Exact copies of all the lines below are wanted, without a single picture.
──────────────────────────────
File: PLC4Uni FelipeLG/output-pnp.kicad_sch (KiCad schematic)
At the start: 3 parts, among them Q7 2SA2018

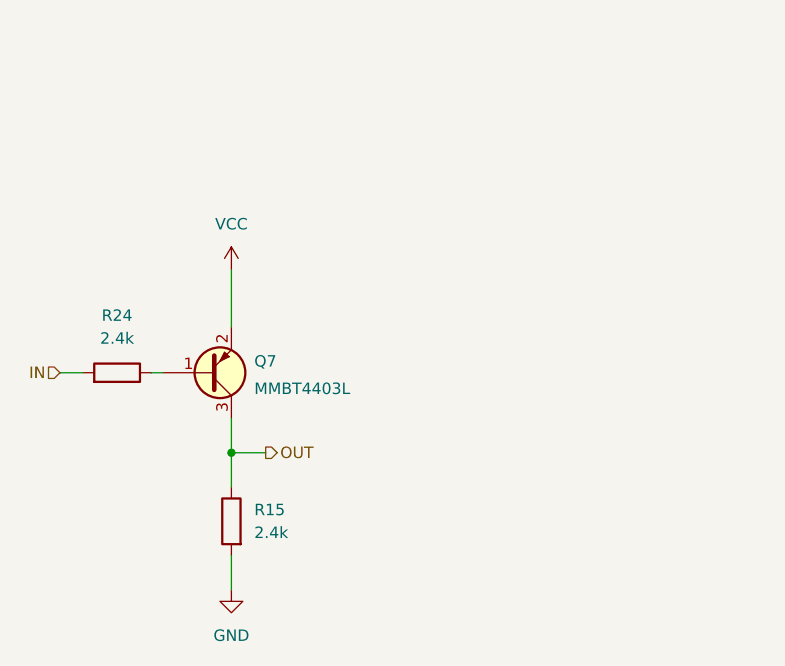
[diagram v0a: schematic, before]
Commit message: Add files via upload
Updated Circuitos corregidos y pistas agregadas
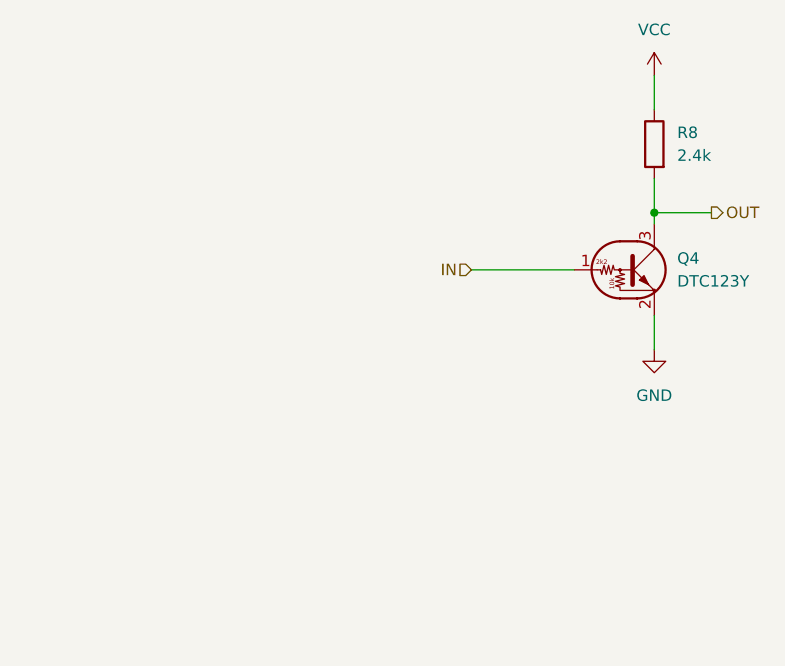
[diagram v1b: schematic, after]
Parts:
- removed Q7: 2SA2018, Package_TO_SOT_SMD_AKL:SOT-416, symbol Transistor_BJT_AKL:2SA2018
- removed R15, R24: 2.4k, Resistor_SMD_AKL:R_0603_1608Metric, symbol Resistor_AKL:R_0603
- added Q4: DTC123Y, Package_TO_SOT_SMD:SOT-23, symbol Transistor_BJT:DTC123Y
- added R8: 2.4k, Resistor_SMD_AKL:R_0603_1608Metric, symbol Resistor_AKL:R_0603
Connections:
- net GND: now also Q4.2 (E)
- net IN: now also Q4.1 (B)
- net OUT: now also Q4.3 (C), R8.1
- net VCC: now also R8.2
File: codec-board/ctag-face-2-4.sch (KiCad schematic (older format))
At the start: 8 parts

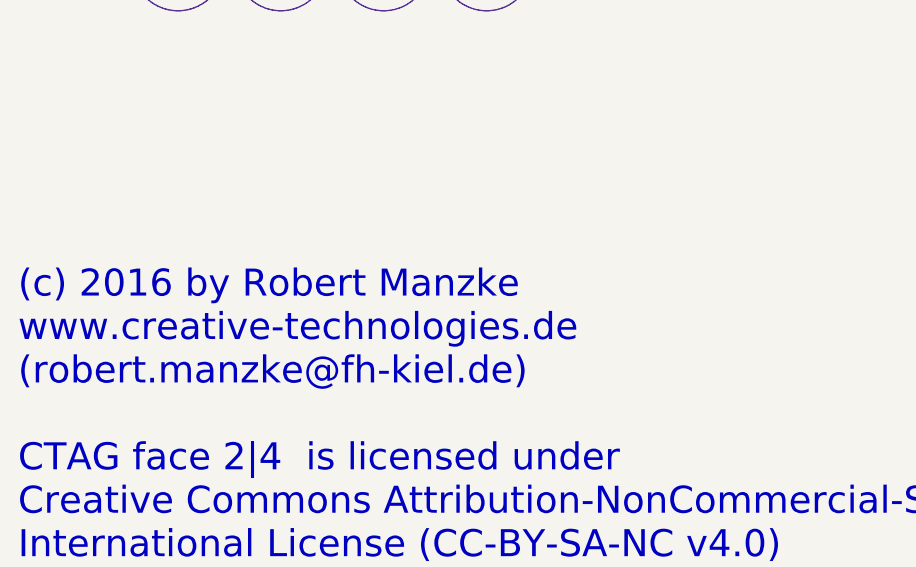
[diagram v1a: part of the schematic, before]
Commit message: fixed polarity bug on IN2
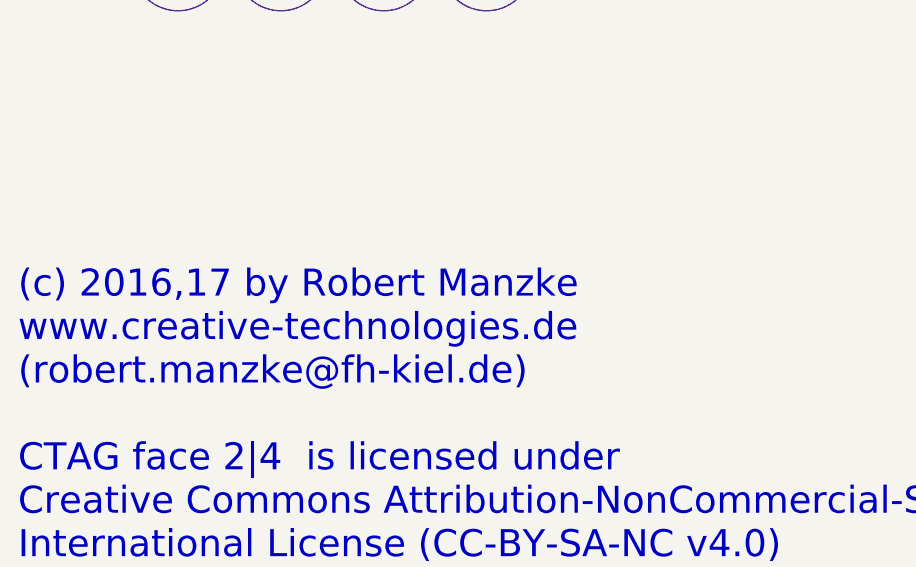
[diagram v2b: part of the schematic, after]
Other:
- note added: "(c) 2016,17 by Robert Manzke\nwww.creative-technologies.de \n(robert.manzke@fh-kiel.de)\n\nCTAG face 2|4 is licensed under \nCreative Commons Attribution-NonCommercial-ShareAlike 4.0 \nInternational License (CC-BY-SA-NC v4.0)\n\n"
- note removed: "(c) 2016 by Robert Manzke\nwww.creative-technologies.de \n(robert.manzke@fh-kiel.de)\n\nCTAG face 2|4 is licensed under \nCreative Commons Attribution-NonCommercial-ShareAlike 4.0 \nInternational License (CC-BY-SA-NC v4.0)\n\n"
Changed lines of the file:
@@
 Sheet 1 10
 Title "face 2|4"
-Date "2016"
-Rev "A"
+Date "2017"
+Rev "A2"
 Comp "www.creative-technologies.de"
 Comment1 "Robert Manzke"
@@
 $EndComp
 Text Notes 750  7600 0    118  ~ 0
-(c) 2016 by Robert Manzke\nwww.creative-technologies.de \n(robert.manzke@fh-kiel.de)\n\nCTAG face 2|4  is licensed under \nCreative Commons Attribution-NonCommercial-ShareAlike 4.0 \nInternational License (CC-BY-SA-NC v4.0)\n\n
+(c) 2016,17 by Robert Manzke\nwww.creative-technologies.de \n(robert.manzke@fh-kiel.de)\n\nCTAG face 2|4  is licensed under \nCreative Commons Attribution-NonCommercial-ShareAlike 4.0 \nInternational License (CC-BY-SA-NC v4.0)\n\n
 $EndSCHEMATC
──────────────────────────────
Completed exercise:
File: PLC4Uni FelipeLG/output-pnp.kicad_sch (KiCad schematic)
At the start: 3 parts, among them Q7 2SA2018

[diagram v0a: schematic, before]
Commit message: Add files via upload
Updated Circuitos corregidos y pistas agregadas
[diagram v1b: schematic, after]
Parts:
- removed Q7: 2SA2018, Package_TO_SOT_SMD_AKL:SOT-416, symbol Transistor_BJT_AKL:2SA2018
- removed R15, R24: 2.4k, Resistor_SMD_AKL:R_0603_1608Metric, symbol Resistor_AKL:R_0603
- added Q4: DTC123Y, Package_TO_SOT_SMD:SOT-23, symbol Transistor_BJT:DTC123Y
- added R8: 2.4k, Resistor_SMD_AKL:R_0603_1608Metric, symbol Resistor_AKL:R_0603
Connections:
- net GND: now also Q4.2 (E)
- net IN: now also Q4.1 (B)
- net OUT: now also Q4.3 (C), R8.1
- net VCC: now also R8.2
File: codec-board/ctag-face-2-4.sch (KiCad schematic (older format))
At the start: 8 parts

[diagram v1a: part of the schematic, before]
Commit message: fixed polarity bug on IN2
[diagram v2b: part of the schematic, after]
Other:
- note added: "(c) 2016,17 by Robert Manzke\nwww.creative-technologies.de \n(robert.manzke@fh-kiel.de)\n\nCTAG face 2|4 is licensed under \nCreative Commons Attribution-NonCommercial-ShareAlike 4.0 \nInternational License (CC-BY-SA-NC v4.0)\n\n"
- note removed: "(c) 2016 by Robert Manzke\nwww.creative-technologies.de \n(robert.manzke@fh-kiel.de)\n\nCTAG face 2|4 is licensed under \nCreative Commons Attribution-NonCommercial-ShareAlike 4.0 \nInternational License (CC-BY-SA-NC v4.0)\n\n"
Changed lines of the file:
@@
 Sheet 1 10
 Title "face 2|4"
-Date "2016"
-Rev "A"
+Date "2017"
+Rev "A2"
 Comp "www.creative-technologies.de"
 Comment1 "Robert Manzke"
@@
 $EndComp
 Text Notes 750  7600 0    118  ~ 0
-(c) 2016 by Robert Manzke\nwww.creative-technologies.de \n(robert.manzke@fh-kiel.de)\n\nCTAG face 2|4  is licensed under \nCreative Commons Attribution-NonCommercial-ShareAlike 4.0 \nInternational License (CC-BY-SA-NC v4.0)\n\n
+(c) 2016,17 by Robert Manzke\nwww.creative-technologies.de \n(robert.manzke@fh-kiel.de)\n\nCTAG face 2|4  is licensed under \nCreative Commons Attribution-NonCommercial-ShareAlike 4.0 \nInternational License (CC-BY-SA-NC v4.0)\n\n
 $EndSCHEMATC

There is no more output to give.